--- LISTED RECORDS ---
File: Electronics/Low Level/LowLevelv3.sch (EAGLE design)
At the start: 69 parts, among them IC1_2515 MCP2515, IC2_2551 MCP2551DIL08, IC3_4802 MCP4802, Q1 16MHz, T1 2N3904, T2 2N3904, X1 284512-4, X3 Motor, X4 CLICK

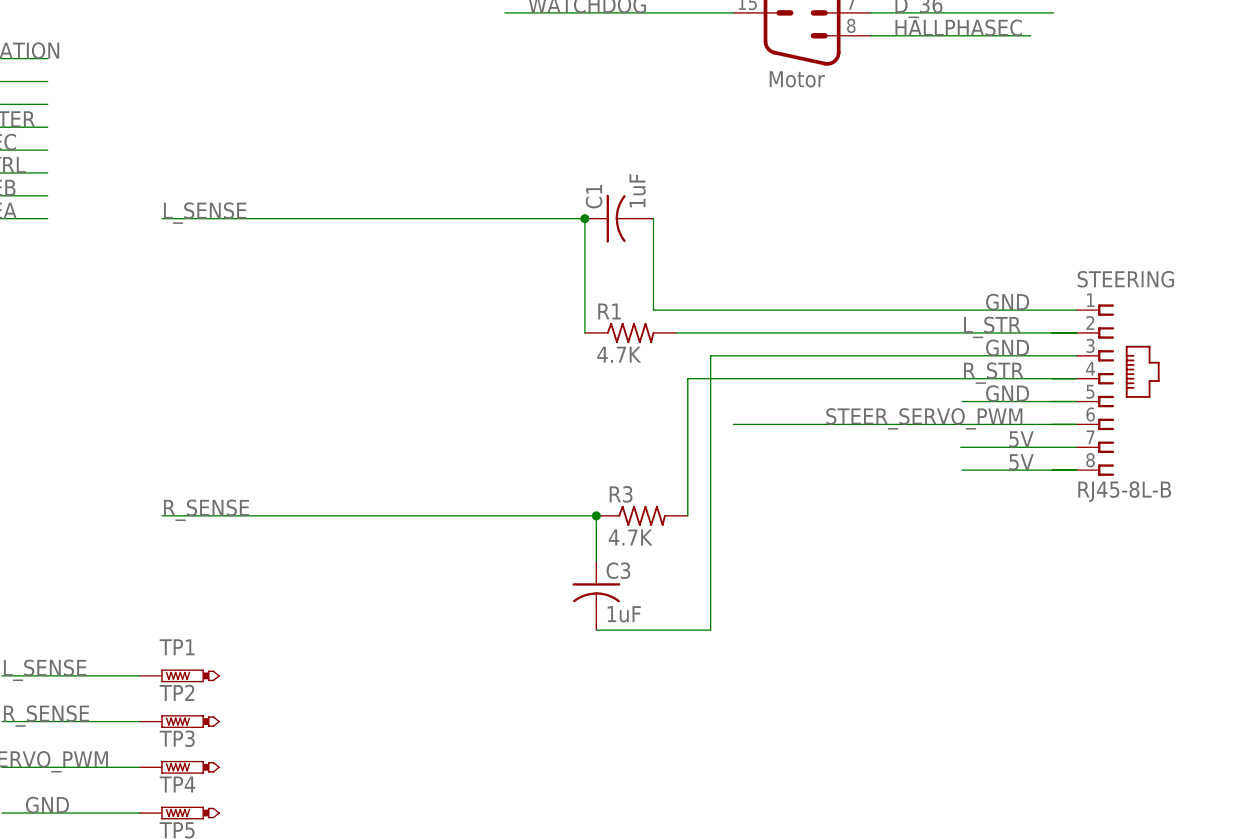
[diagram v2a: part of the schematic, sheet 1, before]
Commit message: Corrections to silkscreen, added testpoints
Fixed silkscreen errors around the relay terminals, added symbols.
Added testpoints and easily cut traces for steering header ground pins, for future expandability options.
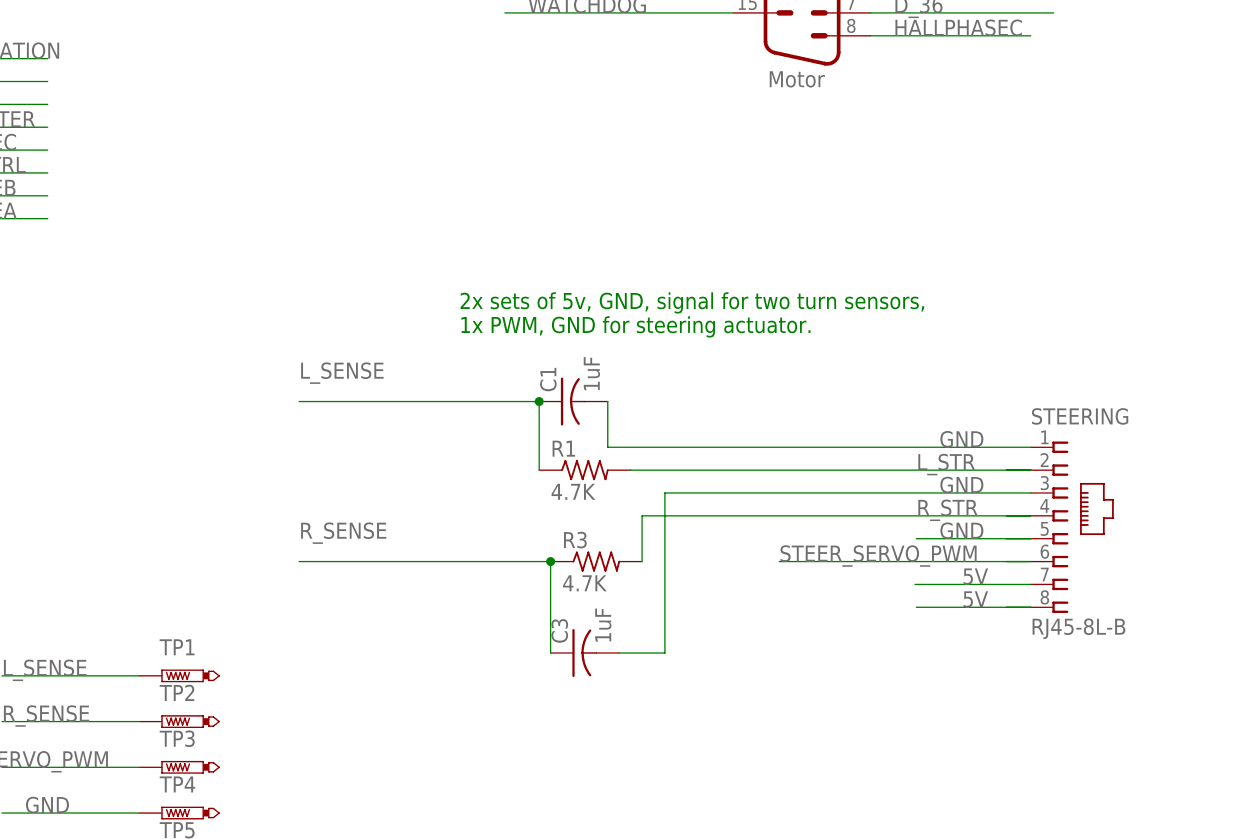
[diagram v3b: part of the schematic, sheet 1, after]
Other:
- note added: "2x sets of 5v, GND, signal for two turn sensors, 1x PWM, GND for steering actuator."
- moved on the sheet: C1, C3, R1, R3, STEERING
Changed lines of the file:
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@@
 <part name="CAN_HEADER" library="SparkFun-Connectors" library_urn="urn:adsk.eagle:library:513" deviceset="CONN_03" device="-SCREW-5MM" package3d_urn="urn:adsk.eagle:package:38070/1"/>
 <part name="R10" library="resistor" library_urn="urn:adsk.eagle:library:348" deviceset="R-US_" device="R1206" package3d_urn="urn:adsk.eagle:package:23540/2" value="120"/>
-<part name="CONNECTORS" library="frames" library_urn="urn:adsk.eagle:library:229" deviceset="A4L-LOC" device=""/>
+<part name="CONNECTORS" library="frames" library_urn="urn:adsk.eagle:library:229" deviceset="A4L-LOC" device="" value="Ports and Pins"/>
 <part name="FRAME1" library="frames" library_urn="urn:adsk.eagle:library:229" deviceset="A4L-LOC" device=""/>
 <part name="FRAME2" library="frames" library_urn="urn:adsk.eagle:library:229" deviceset="A4L-LOC" device=""/>
@@
 <text x="59.69" y="50.419" size="1.778" layer="91">GND</text>
 <text x="59.69" y="47.879" size="1.778" layer="91">AREF</text>
+<text x="172.72" y="66.04" size="1.778" layer="91">2x sets of 5v, GND, signal for two turn sensors,
+1x PWM, GND for steering actuator.</text>
 </plain>
 <instances>
@@
 <attribute name="NAME" x="207.01" y="120.65" size="1.778" layer="95"/>
 </instance>
-<instance part="R1" gate="G$1" x="191.77" y="66.04" smashed="yes">
-<attribute name="NAME" x="187.96" y="67.5386" size="1.778" layer="95"/>
-<attribute name="VALUE" x="187.96" y="62.738" size="1.778" layer="96"/>
-</instance>
-<instance part="R3" gate="G$1" x="193.04" y="45.72" smashed="yes">
-<attribute name="NAME" x="189.23" y="47.2186" size="1.778" layer="95"/>
-<attribute name="VALUE" x="189.23" y="42.418" size="1.778" layer="96"/>
-</instance>
-<instance part="C3" gate="G$1" x="187.96" y="38.1" smashed="yes">
-<attribute name="NAME" x="188.976" y="38.735" size="1.778" layer="95"/>
-<attribute name="VALUE" x="188.976" y="33.909" size="1.778" layer="96"/>
-</instance>
-<instance part="C1" gate="G$1" x="189.23" y="78.74" smashed="yes" rot="R90">
-<attribute name="NAME" x="188.595" y="79.756" size="1.778" layer="95" rot="R90"/>
-<attribute name="VALUE" x="193.421" y="79.756" size="1.778" layer="96" rot="R90"/>
+<instance part="R1" gate="G$1" x="186.69" y="50.8" smashed="yes">
+<attribute name="NAME" x="182.88" y="52.2986" size="1.778" layer="95"/>
+<attribute name="VALUE" x="182.88" y="47.498" size="1.778" layer="96"/>
+</instance>
+<instance part="R3" gate="G$1" x="187.96" y="40.64" smashed="yes">
+<attribute name="NAME" x="184.15" y="42.1386" size="1.778" layer="95"/>
+<attribute name="VALUE" x="184.15" y="37.338" size="1.778" layer="96"/>
+</instance>
+<instance part="C3" gate="G$1" x="185.42" y="30.48" smashed="yes" rot="R90">
+<attribute name="NAME" x="184.785" y="31.496" size="1.778" layer="95" rot="R90"/>
+<attribute name="VALUE" x="189.611" y="31.496" size="1.778" layer="96" rot="R90"/>
+</instance>
+<instance part="C1" gate="G$1" x="184.15" y="58.42" smashed="yes" rot="R90">
+<attribute name="NAME" x="183.515" y="59.436" size="1.778" layer="95" rot="R90"/>
+<attribute name="VALUE" x="188.341" y="59.436" size="1.778" layer="96" rot="R90"/>
 </instance>
 <instance part="DIGITAL_8-13" gate="A" x="55.88" y="55.88" smashed="yes">
@@
 <attribute name="SHEET" x="230.505" y="5.08" size="2.54" layer="94"/>
 </instance>
-<instance part="STEERING" gate="G$1" x="243.84" y="60.96" smashed="yes">
-<attribute name="NAME" x="241.3" y="71.12" size="1.778" layer="95"/>
-<attribute name="VALUE" x="241.3" y="47.752" size="1.778" layer="96"/>
+<instance part="STEERING" gate="G$1" x="238.76" y="45.72" smashed="yes">
+<attribute name="NAME" x="236.22" y="55.88" size="1.778" layer="95"/>
+<attribute name="VALUE" x="236.22" y="32.512" size="1.778" layer="96"/>
 </instance>
 <instance part="TP1" gate="G$1" x="139.7" y="27.94" smashed="yes" rot="R90">
@@
 <net name="5V" class="1">
 <segment>
-<label x="233.68" y="53.34" size="1.778" layer="95"/>
-<wire x1="241.3" y1="53.34" x2="228.4476" y2="53.34" width="0.1524" layer="91"/>
+<label x="228.6" y="38.1" size="1.778" layer="95"/>
+<wire x1="236.22" y1="38.1" x2="223.3676" y2="38.1" width="0.1524" layer="91"/>
 <pinref part="STEERING" gate="G$1" pin="7"/>
 </segment>
@@
 </segment>
 <segment>
-<label x="233.68" y="50.8" size="1.778" layer="95"/>
-<wire x1="228.6" y1="50.8" x2="241.3" y2="50.8" width="0.1524" layer="91"/>
+<label x="228.6" y="35.56" size="1.778" layer="95"/>
+<wire x1="223.52" y1="35.56" x2="236.22" y2="35.56" width="0.1524" layer="91"/>
 <pinref part="STEERING" gate="G$1" pin="8"/>
-<wire x1="241.3" y1="50.8" x2="238.6076" y2="50.8" width="0.1524" layer="91"/>
+<wire x1="236.22" y1="35.56" x2="233.5276" y2="35.56" width="0.1524" layer="91"/>
 </segment>
 <segment>
@@
 <segment>
 <pinref part="C3" gate="G$1" pin="2"/>
-<wire x1="187.96" y1="33.02" x2="200.66" y2="33.02" width="0.1524" layer="91"/>
-<label x="231.14" y="63.5" size="1.778" layer="95"/>
-<wire x1="200.66" y1="33.02" x2="200.66" y2="63.5" width="0.1524" layer="91"/>
-<wire x1="200.66" y1="63.5" x2="241.3" y2="63.5" width="0.1524" layer="91"/>
+<wire x1="190.5" y1="30.48" x2="195.58" y2="30.48" width="0.1524" layer="91"/>
+<label x="226.06" y="48.26" size="1.778" layer="95"/>
+<wire x1="195.58" y1="30.48" x2="195.58" y2="48.26" width="0.1524" layer="91"/>
+<wire x1="195.58" y1="48.26" x2="236.22" y2="48.26" width="0.1524" layer="91"/>
 <pinref part="STEERING" gate="G$1" pin="3"/>
 </segment>
@@
 </segment>
 <segment>
-<label x="231.14" y="58.42" size="1.778" layer="95"/>
-<wire x1="238.6076" y1="58.42" x2="241.3" y2="58.42" width="0.1524" layer="91"/>
+<label x="226.06" y="43.18" size="1.778" layer="95"/>
+<wire x1="233.5276" y1="43.18" x2="236.22" y2="43.18" width="0.1524" layer="91"/>
 <pinref part="STEERING" gate="G$1" pin="5"/>
-<wire x1="241.3" y1="58.42" x2="228.6" y2="58.42" width="0.1524" layer="91"/>
+<wire x1="236.22" y1="43.18" x2="223.52" y2="43.18" width="0.1524" layer="91"/>
 </segment>
 <segment>
@@
 <segment>
 <pinref part="C1" gate="G$1" pin="2"/>
-<label x="231.14" y="68.58" size="1.778" layer="95"/>
-<wire x1="194.31" y1="78.74" x2="194.31" y2="68.58" width="0.1524" layer="91"/>
-<wire x1="194.31" y1="68.58" x2="241.3" y2="68.58" width="0.1524" layer="91"/>
+<label x="226.06" y="53.34" size="1.778" layer="95"/>
+<wire x1="189.23" y1="58.42" x2="189.23" y2="53.34" width="0.1524" layer="91"/>
+<wire x1="189.23" y1="53.34" x2="236.22" y2="53.34" width="0.1524" layer="91"/>
 <pinref part="STEERING" gate="G$1" pin="1"/>
 </segment>
@@
 <segment>
 <pinref part="R3" gate="G$1" pin="2"/>
-<wire x1="198.12" y1="45.72" x2="198.12" y2="60.96" width="0.1524" layer="91"/>
-<label x="228.6" y="60.96" size="1.778" layer="95"/>
-<wire x1="198.12" y1="60.96" x2="241.3" y2="60.96" width="0.1524" layer="91"/>
+<wire x1="193.04" y1="40.64" x2="193.04" y2="45.72" width="0.1524" layer="91"/>
+<label x="223.52" y="45.72" size="1.778" layer="95"/>
+<wire x1="193.04" y1="45.72" x2="236.22" y2="45.72" width="0.1524" layer="91"/>
 <pinref part="STEERING" gate="G$1" pin="4"/>
-<wire x1="241.3" y1="60.96" x2="238.6076" y2="60.96" width="0.1524" layer="91"/>
+<wire x1="236.22" y1="45.72" x2="233.5276" y2="45.72" width="0.1524" layer="91"/>
 </segment>
 </net>
@@
 <segment>
 <pinref part="R1" gate="G$1" pin="2"/>
-<label x="228.6" y="66.04" size="1.778" layer="95"/>
-<wire x1="196.85" y1="66.04" x2="241.3" y2="66.04" width="0.1524" layer="91"/>
+<label x="223.52" y="50.8" size="1.778" layer="95"/>
+<wire x1="191.77" y1="50.8" x2="236.22" y2="50.8" width="0.1524" layer="91"/>
 <pinref part="STEERING" gate="G$1" pin="2"/>
-<wire x1="241.3" y1="66.04" x2="238.6076" y2="66.04" width="0.1524" layer="91"/>
+<wire x1="236.22" y1="50.8" x2="233.5276" y2="50.8" width="0.1524" layer="91"/>
 </segment>
 </net>
@@
 </segment>
 <segment>
-<label x="213.36" y="55.88" size="1.778" layer="95"/>
-<wire x1="238.6076" y1="55.88" x2="241.3" y2="55.88" width="0.1524" layer="91"/>
+<label x="208.28" y="40.64" size="1.778" layer="95"/>
+<wire x1="233.5276" y1="40.64" x2="236.22" y2="40.64" width="0.1524" layer="91"/>
 <pinref part="STEERING" gate="G$1" pin="6"/>
-<wire x1="241.3" y1="55.88" x2="203.2" y2="55.88" width="0.1524" layer="91"/>
+<wire x1="236.22" y1="40.64" x2="208.28" y2="40.64" width="0.1524" layer="91"/>
 </segment>
 <segment>
@@
 <pinref part="C3" gate="G$1" pin="1"/>
 <pinref part="R3" gate="G$1" pin="1"/>
-<wire x1="187.96" y1="45.72" x2="187.96" y2="40.64" width="0.1524" layer="91"/>
-<label x="139.7" y="45.72" size="1.778" layer="95"/>
-<junction x="187.96" y="45.72"/>
-<wire x1="187.96" y1="45.72" x2="139.7" y2="45.72" width="0.1524" layer="91"/>
+<wire x1="182.88" y1="40.64" x2="182.88" y2="30.48" width="0.1524" layer="91"/>
+<label x="154.94" y="43.18" size="1.778" layer="95"/>
+<junction x="182.88" y="40.64"/>
+<wire x1="182.88" y1="40.64" x2="154.94" y2="40.64" width="0.1524" layer="91"/>
 </segment>
 <segment>
@@
 <segment>
 <pinref part="R1" gate="G$1" pin="1"/>
-<label x="139.7" y="78.74" size="1.778" layer="95"/>
+<label x="154.94" y="60.96" size="1.778" layer="95"/>
 <pinref part="C1" gate="G$1" pin="1"/>
-<wire x1="186.69" y1="78.74" x2="186.69" y2="66.04" width="0.1524" layer="91"/>
-<wire x1="186.69" y1="78.74" x2="139.7" y2="78.74" width="0.1524" layer="91"/>
-<junction x="186.69" y="78.74"/>
+<wire x1="181.61" y1="58.42" x2="181.61" y2="50.8" width="0.1524" layer="91"/>
+<wire x1="181.61" y1="58.42" x2="154.94" y2="58.42" width="0.1524" layer="91"/>
+<junction x="181.61" y="58.42"/>
 </segment>
 <segment>
@@
 </drawing>
 <compatibility>
+<note version="6.3" minversion="6.2.2" severity="warning">
+Since Version 6.2.2 text objects can contain more than one line,
+which will not be processed correctly with this version.
+</note>
 <note version="8.2" severity="warning">
 Since Version 8.2, EAGLE supports online libraries. The ids
---
— EXERCISE OBJECTIVE —
Pick out, from the lines above, every one that contains the string "note".

— SOLUTION —
- note added: "2x sets of 5v, GND, signal for two turn sensors, 1x PWM, GND for steering actuator."
+<note version="6.3" minversion="6.2.2" severity="warning">
+</note>
 <note version="8.2" severity="warning">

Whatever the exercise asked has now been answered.